### [ACTION ITEM]
Only one stretch of the records below should be repeated. It starts with the line containing "#32=EDGE_CURVE('E197',#29,#31,#27,.T.);" and goes on through the line containing "#40=EDGE_CURVE('E279',#29,#39,#37,.T.);", exactly as written.

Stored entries
╔══

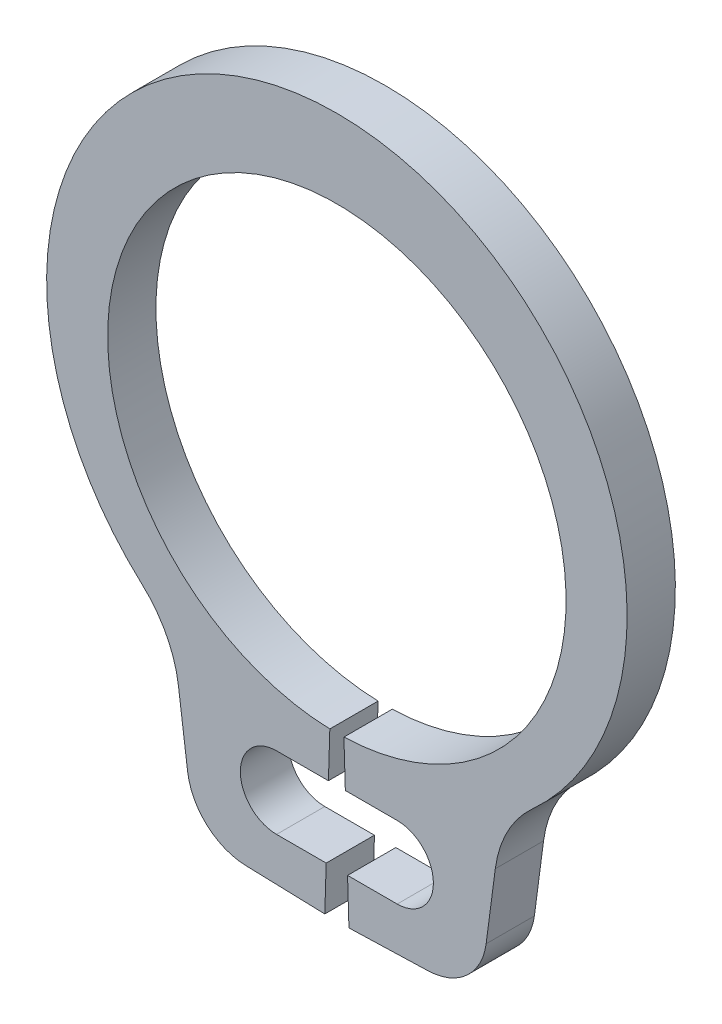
ISO-10303-21;
HEADER;
FILE_DESCRIPTION(('STEP AP214'),'2;1');
FILE_NAME('part.step','',(''),(''),'','','');
FILE_SCHEMA(('AUTOMOTIVE_DESIGN { 1 0 10303 214 1 1 1 1 }'));
ENDSEC;
DATA;
#1=APPLICATION_CONTEXT('core data for automotive mechanical design processes');
#2=APPLICATION_PROTOCOL_DEFINITION('international standard','automotive_design',2000,#1);
#3=PRODUCT_CONTEXT('',#1,'mechanical');
#4=PRODUCT('Part','Part','',(#3));
#5=PRODUCT_RELATED_PRODUCT_CATEGORY('part','',(#4));
#6=PRODUCT_DEFINITION_FORMATION('','',#4);
#7=PRODUCT_DEFINITION_CONTEXT('part definition',#1,'design');
#8=PRODUCT_DEFINITION('design','',#6,#7);
#9=PRODUCT_DEFINITION_SHAPE('','',#8);
#10=(LENGTH_UNIT() NAMED_UNIT(*) SI_UNIT(.MILLI.,.METRE.));
#11=(NAMED_UNIT(*) PLANE_ANGLE_UNIT() SI_UNIT($,.RADIAN.));
#12=(NAMED_UNIT(*) SI_UNIT($,.STERADIAN.) SOLID_ANGLE_UNIT());
#13=UNCERTAINTY_MEASURE_WITH_UNIT(LENGTH_MEASURE(1.E-05),#10,'distance_accuracy_value','');
#14=(GEOMETRIC_REPRESENTATION_CONTEXT(3) GLOBAL_UNCERTAINTY_ASSIGNED_CONTEXT((#13)) GLOBAL_UNIT_ASSIGNED_CONTEXT((#10,
#11,#12)) REPRESENTATION_CONTEXT('',''));
#15=CARTESIAN_POINT('',(0.,0.,0.));
#16=DIRECTION('',(0.,0.,1.));
#17=DIRECTION('',(1.,0.,0.));
#18=AXIS2_PLACEMENT_3D('',#15,#16,#17);
#19=CARTESIAN_POINT('',(-0.0584615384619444,-1.89910037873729,-0.400000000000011));
#20=DIRECTION('',(0.999526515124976,-0.0307692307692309,0.));
#21=DIRECTION('',(0.0307692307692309,0.999526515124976,0.));
#22=AXIS2_PLACEMENT_3D('',#19,#20,#21);
#23=PLANE('',#22);
#24=DIRECTION('',(0.,0.,1.));
#25=VECTOR('',#24,1.);
#26=CARTESIAN_POINT('',(-0.0700929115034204,-2.27694101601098,-0.400000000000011));
#27=LINE('',#26,#25);
#28=CARTESIAN_POINT('',(-0.0700929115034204,-2.27694101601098,-0.400000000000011));
#29=VERTEX_POINT('',#28);
#30=CARTESIAN_POINT('',(-0.0700929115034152,-2.27694101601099,0.));
#31=VERTEX_POINT('',#30);
#32=EDGE_CURVE('E197',#29,#31,#27,.T.);
#33=ORIENTED_EDGE('',*,*,#32,.F.);
#34=DIRECTION('',(0.0307692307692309,0.999526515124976,0.));
#35=VECTOR('',#34,1.);
#36=CARTESIAN_POINT('',(-0.0584615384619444,-1.89910037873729,-0.400000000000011));
#37=LINE('',#36,#35);
#38=CARTESIAN_POINT('',(-0.0584615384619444,-1.89910037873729,-0.400000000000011));
#39=VERTEX_POINT('',#38);
#40=EDGE_CURVE('E279',#29,#39,#37,.T.);
#41=ORIENTED_EDGE('',*,*,#40,.T.);
#42=DIRECTION('',(0.,0.,1.));
#43=VECTOR('',#42,1.);
#44=CARTESIAN_POINT('',(-0.0584615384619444,-1.89910037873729,-0.400000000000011));
#45=LINE('',#44,#43);
#46=CARTESIAN_POINT('',(-0.0584615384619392,-1.89910037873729,0.));
#47=VERTEX_POINT('',#46);
#48=EDGE_CURVE('E11',#39,#47,#45,.T.);
#49=ORIENTED_EDGE('',*,*,#48,.T.);
#50=DIRECTION('',(0.0307692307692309,0.999526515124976,0.));
#51=VECTOR('',#50,1.);
#52=CARTESIAN_POINT('',(-0.0584615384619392,-1.89910037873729,0.));
#53=LINE('',#52,#51);
#54=EDGE_CURVE('E243',#31,#47,#53,.T.);
#55=ORIENTED_EDGE('',*,*,#54,.F.);
#56=EDGE_LOOP('',(#33,#41,#49,#55));
#57=FACE_BOUND('',#56,.T.);
#58=ADVANCED_FACE('F30',(#57),#23,.T.);
#59=CARTESIAN_POINT('',(0.0584615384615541,-1.89910037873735,-0.400000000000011));
#60=DIRECTION('',(-0.999526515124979,-0.0307692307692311,0.));
#61=DIRECTION('',(0.0307692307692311,-0.99952651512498,0.));
#62=AXIS2_PLACEMENT_3D('',#59,#60,#61);
#63=PLANE('',#62);
#64=DIRECTION('',(0.,0.,-1.));
#65=VECTOR('',#64,1.);
#66=CARTESIAN_POINT('',(0.0700929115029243,-2.27694101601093,-0.400000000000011));
#67=LINE('',#66,#65);
#68=CARTESIAN_POINT('',(0.0700929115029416,-2.27694101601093,0.));
#69=VERTEX_POINT('',#68);
#70=CARTESIAN_POINT('',(0.0700929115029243,-2.27694101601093,-0.400000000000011));
#71=VERTEX_POINT('',#70);
#72=EDGE_CURVE('E201',#69,#71,#67,.T.);
#73=ORIENTED_EDGE('',*,*,#72,.F.);
#74=DIRECTION('',(0.0307692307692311,-0.99952651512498,0.));
#75=VECTOR('',#74,1.);
#76=CARTESIAN_POINT('',(0.058461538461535,-1.89910037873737,0.));
#77=LINE('',#76,#75);
#78=CARTESIAN_POINT('',(0.058461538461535,-1.89910037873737,0.));
#79=VERTEX_POINT('',#78);
#80=EDGE_CURVE('E214',#79,#69,#77,.T.);
#81=ORIENTED_EDGE('',*,*,#80,.F.);
#82=DIRECTION('',(0.,0.,1.));
#83=VECTOR('',#82,1.);
#84=CARTESIAN_POINT('',(0.0584615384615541,-1.89910037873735,-0.400000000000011));
#85=LINE('',#84,#83);
#86=CARTESIAN_POINT('',(0.0584615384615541,-1.89910037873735,-0.400000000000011));
#87=VERTEX_POINT('',#86);
#88=EDGE_CURVE('E34',#87,#79,#85,.T.);
#89=ORIENTED_EDGE('',*,*,#88,.F.);
#90=DIRECTION('',(0.0307692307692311,-0.99952651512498,0.));
#91=VECTOR('',#90,1.);
#92=CARTESIAN_POINT('',(0.0584615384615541,-1.89910037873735,-0.400000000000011));
#93=LINE('',#92,#91);
#94=EDGE_CURVE('E249',#87,#71,#93,.T.);
#95=ORIENTED_EDGE('',*,*,#94,.T.);
#96=EDGE_LOOP('',(#73,#81,#89,#95));
#97=FACE_BOUND('',#96,.T.);
#98=ADVANCED_FACE('F313',(#97),#63,.T.);
#99=CARTESIAN_POINT('',(0.,0.,-0.400000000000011));
#100=DIRECTION('',(0.,0.,1.));
#101=DIRECTION('',(1.00000000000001,0.,0.));
#102=AXIS2_PLACEMENT_3D('',#99,#100,#101);
#103=CYLINDRICAL_SURFACE('',#102,1.9);
#104=CARTESIAN_POINT('',(0.,0.,0.));
#105=DIRECTION('',(0.,0.,-1.));
#106=DIRECTION('',(1.00000000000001,0.,0.));
#107=AXIS2_PLACEMENT_3D('',#104,#105,#106);
#108=CIRCLE('',#107,1.9);
#109=EDGE_CURVE('E210',#47,#79,#108,.T.);
#110=ORIENTED_EDGE('',*,*,#109,.F.);
#111=ORIENTED_EDGE('',*,*,#48,.F.);
#112=CARTESIAN_POINT('',(0.,0.,-0.400000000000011));
#113=DIRECTION('',(0.,0.,-1.));
#114=DIRECTION('',(1.00000000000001,0.,0.));
#115=AXIS2_PLACEMENT_3D('',#112,#113,#114);
#116=CIRCLE('',#115,1.9);
#117=EDGE_CURVE('E245',#39,#87,#116,.T.);
#118=ORIENTED_EDGE('',*,*,#117,.T.);
#119=ORIENTED_EDGE('',*,*,#88,.T.);
#120=EDGE_LOOP('',(#110,#111,#118,#119));
#121=FACE_BOUND('',#120,.T.);
#122=ADVANCED_FACE('F32',(#121),#103,.F.);
#123=DIRECTION('',(0.,0.,-1.));
#124=VECTOR('',#123,1.);
#125=CARTESIAN_POINT('',(-0.0885631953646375,-2.87694101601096,-0.400000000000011));
#126=LINE('',#125,#124);
#127=CARTESIAN_POINT('',(-0.0885631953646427,-2.87694101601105,0.));
#128=VERTEX_POINT('',#127);
#129=CARTESIAN_POINT('',(-0.0885631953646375,-2.87694101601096,-0.400000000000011));
#130=VERTEX_POINT('',#129);
#131=EDGE_CURVE('E335',#128,#130,#126,.T.);
#132=ORIENTED_EDGE('',*,*,#131,.F.);
#133=CARTESIAN_POINT('',(-0.100000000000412,-3.2484611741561,0.));
#134=VERTEX_POINT('',#133);
#135=EDGE_CURVE('E191',#134,#128,#53,.T.);
#136=ORIENTED_EDGE('',*,*,#135,.F.);
#137=DIRECTION('',(0.,0.,1.));
#138=VECTOR('',#137,1.);
#139=CARTESIAN_POINT('',(-0.100000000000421,-3.24846117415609,-0.400000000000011));
#140=LINE('',#139,#138);
#141=CARTESIAN_POINT('',(-0.100000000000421,-3.24846117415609,-0.400000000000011));
#142=VERTEX_POINT('',#141);
#143=EDGE_CURVE('E39',#142,#134,#140,.T.);
#144=ORIENTED_EDGE('',*,*,#143,.F.);
#145=EDGE_CURVE('E280',#142,#130,#37,.T.);
#146=ORIENTED_EDGE('',*,*,#145,.T.);
#147=EDGE_LOOP('',(#132,#136,#144,#146));
#148=FACE_BOUND('',#147,.T.);
#149=ADVANCED_FACE('F344',(#148),#23,.T.);
#150=CARTESIAN_POINT('',(-0.100000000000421,-3.24846117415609,-0.400000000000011));
#151=DIRECTION('',(-0.030769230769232,-0.999526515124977,0.));
#152=DIRECTION('',(0.999526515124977,-0.030769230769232,0.));
#153=AXIS2_PLACEMENT_3D('',#150,#151,#152);
#154=PLANE('',#153);
#155=DIRECTION('',(0.999526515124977,-0.030769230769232,0.));
#156=VECTOR('',#155,1.);
#157=CARTESIAN_POINT('',(-0.100000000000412,-3.2484611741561,0.));
#158=LINE('',#157,#156);
#159=CARTESIAN_POINT('',(-0.756909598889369,-3.22823899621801,0.));
#160=VERTEX_POINT('',#159);
#161=EDGE_CURVE('E241',#160,#134,#158,.T.);
#162=ORIENTED_EDGE('',*,*,#161,.F.);
#163=DIRECTION('',(0.,0.,1.));
#164=VECTOR('',#163,1.);
#165=CARTESIAN_POINT('',(-0.756909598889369,-3.22823899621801,-0.400000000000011));
#166=LINE('',#165,#164);
#167=CARTESIAN_POINT('',(-0.756909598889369,-3.22823899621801,-0.400000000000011));
#168=VERTEX_POINT('',#167);
#169=EDGE_CURVE('E284',#168,#160,#166,.T.);
#170=ORIENTED_EDGE('',*,*,#169,.F.);
#171=DIRECTION('',(0.999526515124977,-0.030769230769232,0.));
#172=VECTOR('',#171,1.);
#173=CARTESIAN_POINT('',(-0.100000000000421,-3.24846117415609,-0.400000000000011));
#174=LINE('',#173,#172);
#175=EDGE_CURVE('E276',#168,#142,#174,.T.);
#176=ORIENTED_EDGE('',*,*,#175,.T.);
#177=ORIENTED_EDGE('',*,*,#143,.T.);
#178=EDGE_LOOP('',(#162,#170,#176,#177));
#179=FACE_BOUND('',#178,.T.);
#180=ADVANCED_FACE('F347',(#179),#154,.T.);
#181=CARTESIAN_POINT('',(-0.741524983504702,-2.72847573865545,-0.400000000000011));
#182=DIRECTION('',(0.,0.,1.));
#183=DIRECTION('',(1.00000000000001,0.,0.));
#184=AXIS2_PLACEMENT_3D('',#181,#182,#183);
#185=CYLINDRICAL_SURFACE('',#184,0.5);
#186=CARTESIAN_POINT('',(-0.741524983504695,-2.72847573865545,0.));
#187=DIRECTION('',(0.,0.,1.));
#188=DIRECTION('',(1.00000000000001,0.,0.));
#189=AXIS2_PLACEMENT_3D('',#186,#187,#188);
#190=CIRCLE('',#189,0.5);
#191=CARTESIAN_POINT('',(-1.23724741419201,-2.79373883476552,0.));
#192=VERTEX_POINT('',#191);
#193=EDGE_CURVE('E238',#192,#160,#190,.T.);
#194=ORIENTED_EDGE('',*,*,#193,.F.);
#195=DIRECTION('',(0.,0.,1.));
#196=VECTOR('',#195,1.);
#197=CARTESIAN_POINT('',(-1.23724741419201,-2.79373883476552,-0.400000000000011));
#198=LINE('',#197,#196);
#199=CARTESIAN_POINT('',(-1.23724741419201,-2.79373883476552,-0.400000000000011));
#200=VERTEX_POINT('',#199);
#201=EDGE_CURVE('E286',#200,#192,#198,.T.);
#202=ORIENTED_EDGE('',*,*,#201,.F.);
#203=CARTESIAN_POINT('',(-0.741524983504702,-2.72847573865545,-0.400000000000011));
#204=DIRECTION('',(0.,0.,1.));
#205=DIRECTION('',(1.00000000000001,0.,0.));
#206=AXIS2_PLACEMENT_3D('',#203,#204,#205);
#207=CIRCLE('',#206,0.5);
#208=EDGE_CURVE('E273',#200,#168,#207,.T.);
#209=ORIENTED_EDGE('',*,*,#208,.T.);
#210=ORIENTED_EDGE('',*,*,#169,.T.);
#211=EDGE_LOOP('',(#194,#202,#209,#210));
#212=FACE_BOUND('',#211,.T.);
#213=ADVANCED_FACE('F352',(#212),#185,.T.);
#214=CARTESIAN_POINT('',(-1.31317772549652,-2.21699086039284,-0.400000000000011));
#215=DIRECTION('',(-0.99144486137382,-0.130526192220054,0.));
#216=DIRECTION('',(0.130526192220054,-0.99144486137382,0.));
#217=AXIS2_PLACEMENT_3D('',#214,#215,#216);
#218=PLANE('',#217);
#219=DIRECTION('',(0.130526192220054,-0.99144486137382,0.));
#220=VECTOR('',#219,1.);
#221=CARTESIAN_POINT('',(-1.31317772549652,-2.21699086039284,0.));
#222=LINE('',#221,#220);
#223=CARTESIAN_POINT('',(-1.31317772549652,-2.21699086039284,0.));
#224=VERTEX_POINT('',#223);
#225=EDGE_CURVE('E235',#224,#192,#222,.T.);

╚══

### [ANSWER SPACE]
#32=EDGE_CURVE('E197',#29,#31,#27,.T.);
#33=ORIENTED_EDGE('',*,*,#32,.F.);
#34=DIRECTION('',(0.0307692307692309,0.999526515124976,0.));
#35=VECTOR('',#34,1.);
#36=CARTESIAN_POINT('',(-0.0584615384619444,-1.89910037873729,-0.400000000000011));
#37=LINE('',#36,#35);
#38=CARTESIAN_POINT('',(-0.0584615384619444,-1.89910037873729,-0.400000000000011));
#39=VERTEX_POINT('',#38);
#40=EDGE_CURVE('E279',#29,#39,#37,.T.);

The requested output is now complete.